Freshdesk has a robust ticketing service that allows individuals or teams to pull in all sorts of support requests from different channels: email, phone, social networks and live chat. Another key aspect of Freshdesk is the ability to use automation dispatch tickets. This automation can help cut down the amount of tickets that have to be manually sorted.

7. CloudApp

There's that old saying that “a picture is worth a thousand words." That saying could be updated to say “a screenshot is worth a thousand-word support email."
CloudApp is a service that helps you easily take screenshots on your computer and share them with your team. You can quickly show other members in your team what you're seeing on your computer, or you could share that screenshot with a customer in a support request.

8. ScreenConnect

Sometimes sharing an image of what you're seeing isn't enough in a support scenario. Sometimes you need to be inside the customer's computer.
ScreenConnect is a service that gives you the ability to connect to a customer's computer and fix problems remotely. You log in to ScreenConnect, and once the person needing support gives you access, you can then securely access their computer. ScreenConnect offers compatibility with any device or platform, which means you can remotely access your customer's phones, tablets or computers—with their permission, of course.

9. Adobe Sign

Here's something that annoys everyone with a business: having to send faxes. But contracts have to be signed, and a common (and cumbersome) way to send them is by fax machine.
Adobe Sign lets you sidestep the fax machine altogether and just use email.

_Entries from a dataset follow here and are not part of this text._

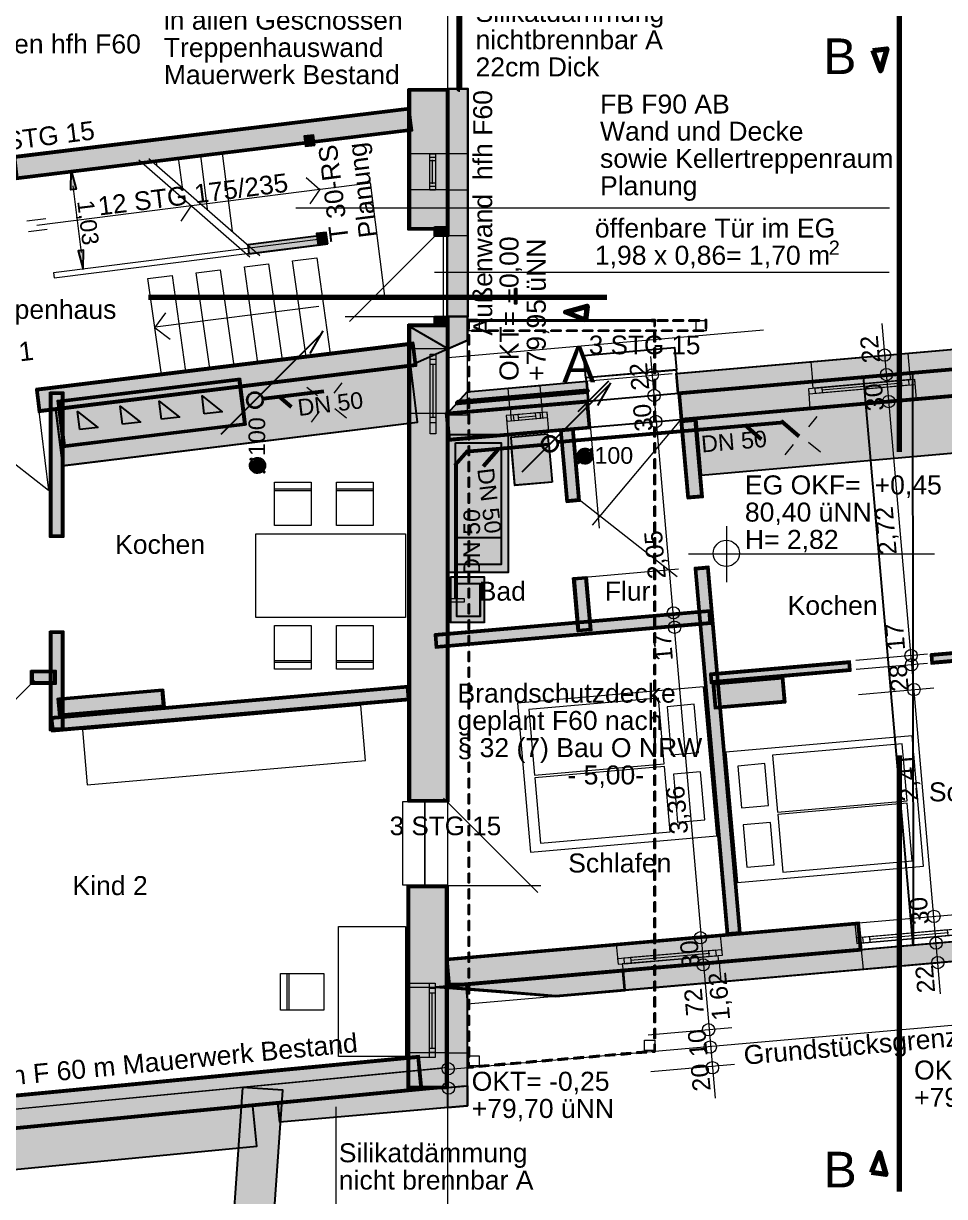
# Model space of a CAD drawing. Header units: millimetres. Extents: x 1001 to 41669, y -154 to 29734.
# Drawn here: x 11578 to 21433, y 6616 to 19166 of the extents above; entities that cross this region are included whole.
import ezdxf

# ---------------------------------------------------------------- set-up
doc = ezdxf.new("R2010")
doc.units = ezdxf.units.MM
doc.header["$LTSCALE"] = 50
for name, pattern in [('PDF_35-3_26-5_0-0_0-0', [61.8, 35.3, -26.5, 0, 0]), ('PDF_35-3_35-3_0-0_0-0', [70.6, 35.3, -35.3, 0, 0]), ('PDF_564-4_176-4_70-6_176-4', [987.8, 564.4, -176.4, 70.6, -176.4]), ('PDF_67-7_67-7_0-0_0-0', [135.4, 67.7, -67.7, 0, 0]), ('PDF_91-7_91-7_0-0_0-0', [183.4, 91.7, -91.7, 0, 0])]:
    doc.linetypes.add(name, pattern=pattern)
for name, color, linetype in [('00_Wand_Bestand', 7, 'Continuous'), ('01_Daemmung_neu', 9, 'Continuous'), ('02_Grundstuecksgrenze', 8, 'Continuous'), ('03_Sanitaer', 5, 'Continuous'), ('05_Linien_stark', 7, 'Continuous'), ('06_Linien_fein', 3, 'Continuous'), ('07_Bemassung', 6, 'Continuous'), ('08_Schnittlinie', 1, 'Continuous'), ('10_Text', 7, 'Continuous')]:
    doc.layers.add(name, color=color, linetype=linetype)
doc.styles.add('PLAN', font='arial.ttf')

msp = doc.modelspace()

# ---------------------------------------------------------------- hatches: boundary and pattern name
at = {"layer": '00_Wand_Bestand'}
for points in [[(15696, 18468), (16125, 18468), (16125, 16958), (15696, 16958)], [(11469, 17745), (11499, 17499), (15740, 18020), (15710, 18265)], [(14694, 17864), (14680, 17973), (14581, 17961), (14595, 17852)], [(12088, 17595), (12142, 17395), (12085, 17388)], [(15976, 16992), (16125, 16992), (16125, 16891), (15976, 16891)], [(14834, 16809), (14821, 16905), (13978, 16799), (13990, 16702)], [(14834, 16809), (14818, 16931), (14715, 16918), (14730, 16796)], [(12218, 16534), (12222, 16740), (12164, 16733)], [(16834, 16331), (16855, 16331), (16855, 16166), (16834, 16166)], [(15695, 15948), (16125, 15948), (16125, 10839), (15695, 10839)], [(15977, 16032), (16126, 16032), (16126, 15932), (15977, 15932)], [(16372, 15994), (16338, 15994), (16338, 15898), (16348, 15898), (16348, 15983), (16372, 15983)], [(16436, 15994), (16338, 15994), (16338, 15898), (16348, 15898), (16348, 15983), (16436, 15983)], [(16435, 15994), (16541, 15994), (16541, 15983), (16435, 15983)], [(16499, 15994), (16605, 15994), (16605, 15983), (16499, 15983)], [(16604, 15994), (16710, 15994), (16710, 15983), (16604, 15983)], [(16669, 15994), (16774, 15994), (16774, 15983), (16669, 15983)], [(16774, 15994), (16880, 15994), (16880, 15983), (16774, 15983)], [(16838, 15994), (16944, 15994), (16944, 15983), (16838, 15983)], [(16943, 15994), (17049, 15994), (17049, 15983), (16943, 15983)], [(17007, 15994), (17113, 15994), (17113, 15983), (17007, 15983)], [(17112, 15994), (17218, 15994), (17218, 15983), (17112, 15983)], [(17177, 15994), (17282, 15994), (17282, 15983), (17177, 15983)], [(17282, 15994), (17388, 15994), (17388, 15983), (17282, 15983)], [(17346, 15994), (17452, 15994), (17452, 15983), (17346, 15983)], [(17451, 15994), (17557, 15994), (17557, 15983), (17451, 15983)], [(17515, 15994), (17621, 15994), (17621, 15983), (17515, 15983)], [(17620, 15994), (17726, 15994), (17726, 15983), (17620, 15983)], [(17685, 15994), (17790, 15994), (17790, 15983), (17685, 15983)], [(17790, 15994), (17896, 15994), (17896, 15983), (17790, 15983)], [(17854, 15994), (17960, 15994), (17960, 15983), (17854, 15983)], [(17959, 15994), (18065, 15994), (18065, 15983), (17959, 15983)], [(18023, 15994), (18129, 15994), (18129, 15983), (18023, 15983)], [(18128, 15994), (18234, 15994), (18234, 15983), (18128, 15983)], [(18193, 15994), (18298, 15994), (18298, 15983), (18193, 15983)], [(18338, 15928), (18338, 15994), (18298, 15994), (18298, 15983), (18327, 15983), (18327, 15928)], [(18362, 15994), (18468, 15994), (18468, 15983), (18362, 15983)], [(18531, 15994), (18637, 15994), (18637, 15983), (18531, 15983)], [(18701, 15994), (18806, 15994), (18806, 15983), (18701, 15983)], [(18886, 15904), (18886, 15994), (18870, 15994), (18870, 15983), (18876, 15983), (18876, 15904)], [(16121, 15687), (15698, 15498), (15698, 15930)], [(16338, 15835), (16348, 15835), (16348, 15729), (16338, 15729)], [(16377, 15884), (16483, 15884), (16483, 15874), (16377, 15874)], [(16546, 15884), (16652, 15884), (16652, 15874), (16546, 15874)], [(16716, 15884), (16821, 15884), (16821, 15874), (16716, 15874)], [(16885, 15884), (16991, 15884), (16991, 15874), (16885, 15874)], [(17054, 15884), (17160, 15884), (17160, 15874), (17054, 15874)], [(17224, 15884), (17329, 15884), (17329, 15874), (17224, 15874)], [(17393, 15884), (17499, 15884), (17499, 15874), (17393, 15874)], [(17562, 15884), (17668, 15884), (17668, 15874), (17562, 15874)], [(17732, 15884), (17837, 15884), (17837, 15874), (17732, 15874)], [(17901, 15884), (18007, 15884), (18007, 15874), (17901, 15874)], [(18070, 15884), (18176, 15884), (18176, 15874), (18070, 15874)], [(18240, 15884), (18345, 15884), (18345, 15874), (18240, 15874)], [(18327, 15864), (18338, 15864), (18338, 15759), (18327, 15759)], [(18409, 15884), (18515, 15884), (18515, 15874), (18409, 15874)], [(18578, 15884), (18684, 15884), (18684, 15874), (18578, 15874)], [(18583, 15217), (18609, 14918), (26115, 15575), (26089, 15874)], [(18748, 15884), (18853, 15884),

You can fill out the form using Adobe Reader, and sign the document with an e-signature, which is 100 percent legal and secure. Then a copy of the signed document is sent to both parties, allowing you to go back to working on something much more important than remembering how to work the fax machine.

10. Slack

Slack is a messaging app for teams that's like a more powerful Google Chat. You can send direct messages or have a chat room. These messages are indexed and searchable, and can be tagged and sorted.
If you work on a collaborative team, Slack could be helpful in cutting down email. Slack's internal data compiled March 2016 says that they've reduced internal email by nearly 49 percent, reduced meetings by 25 percent and improved team productivity by 32 percent.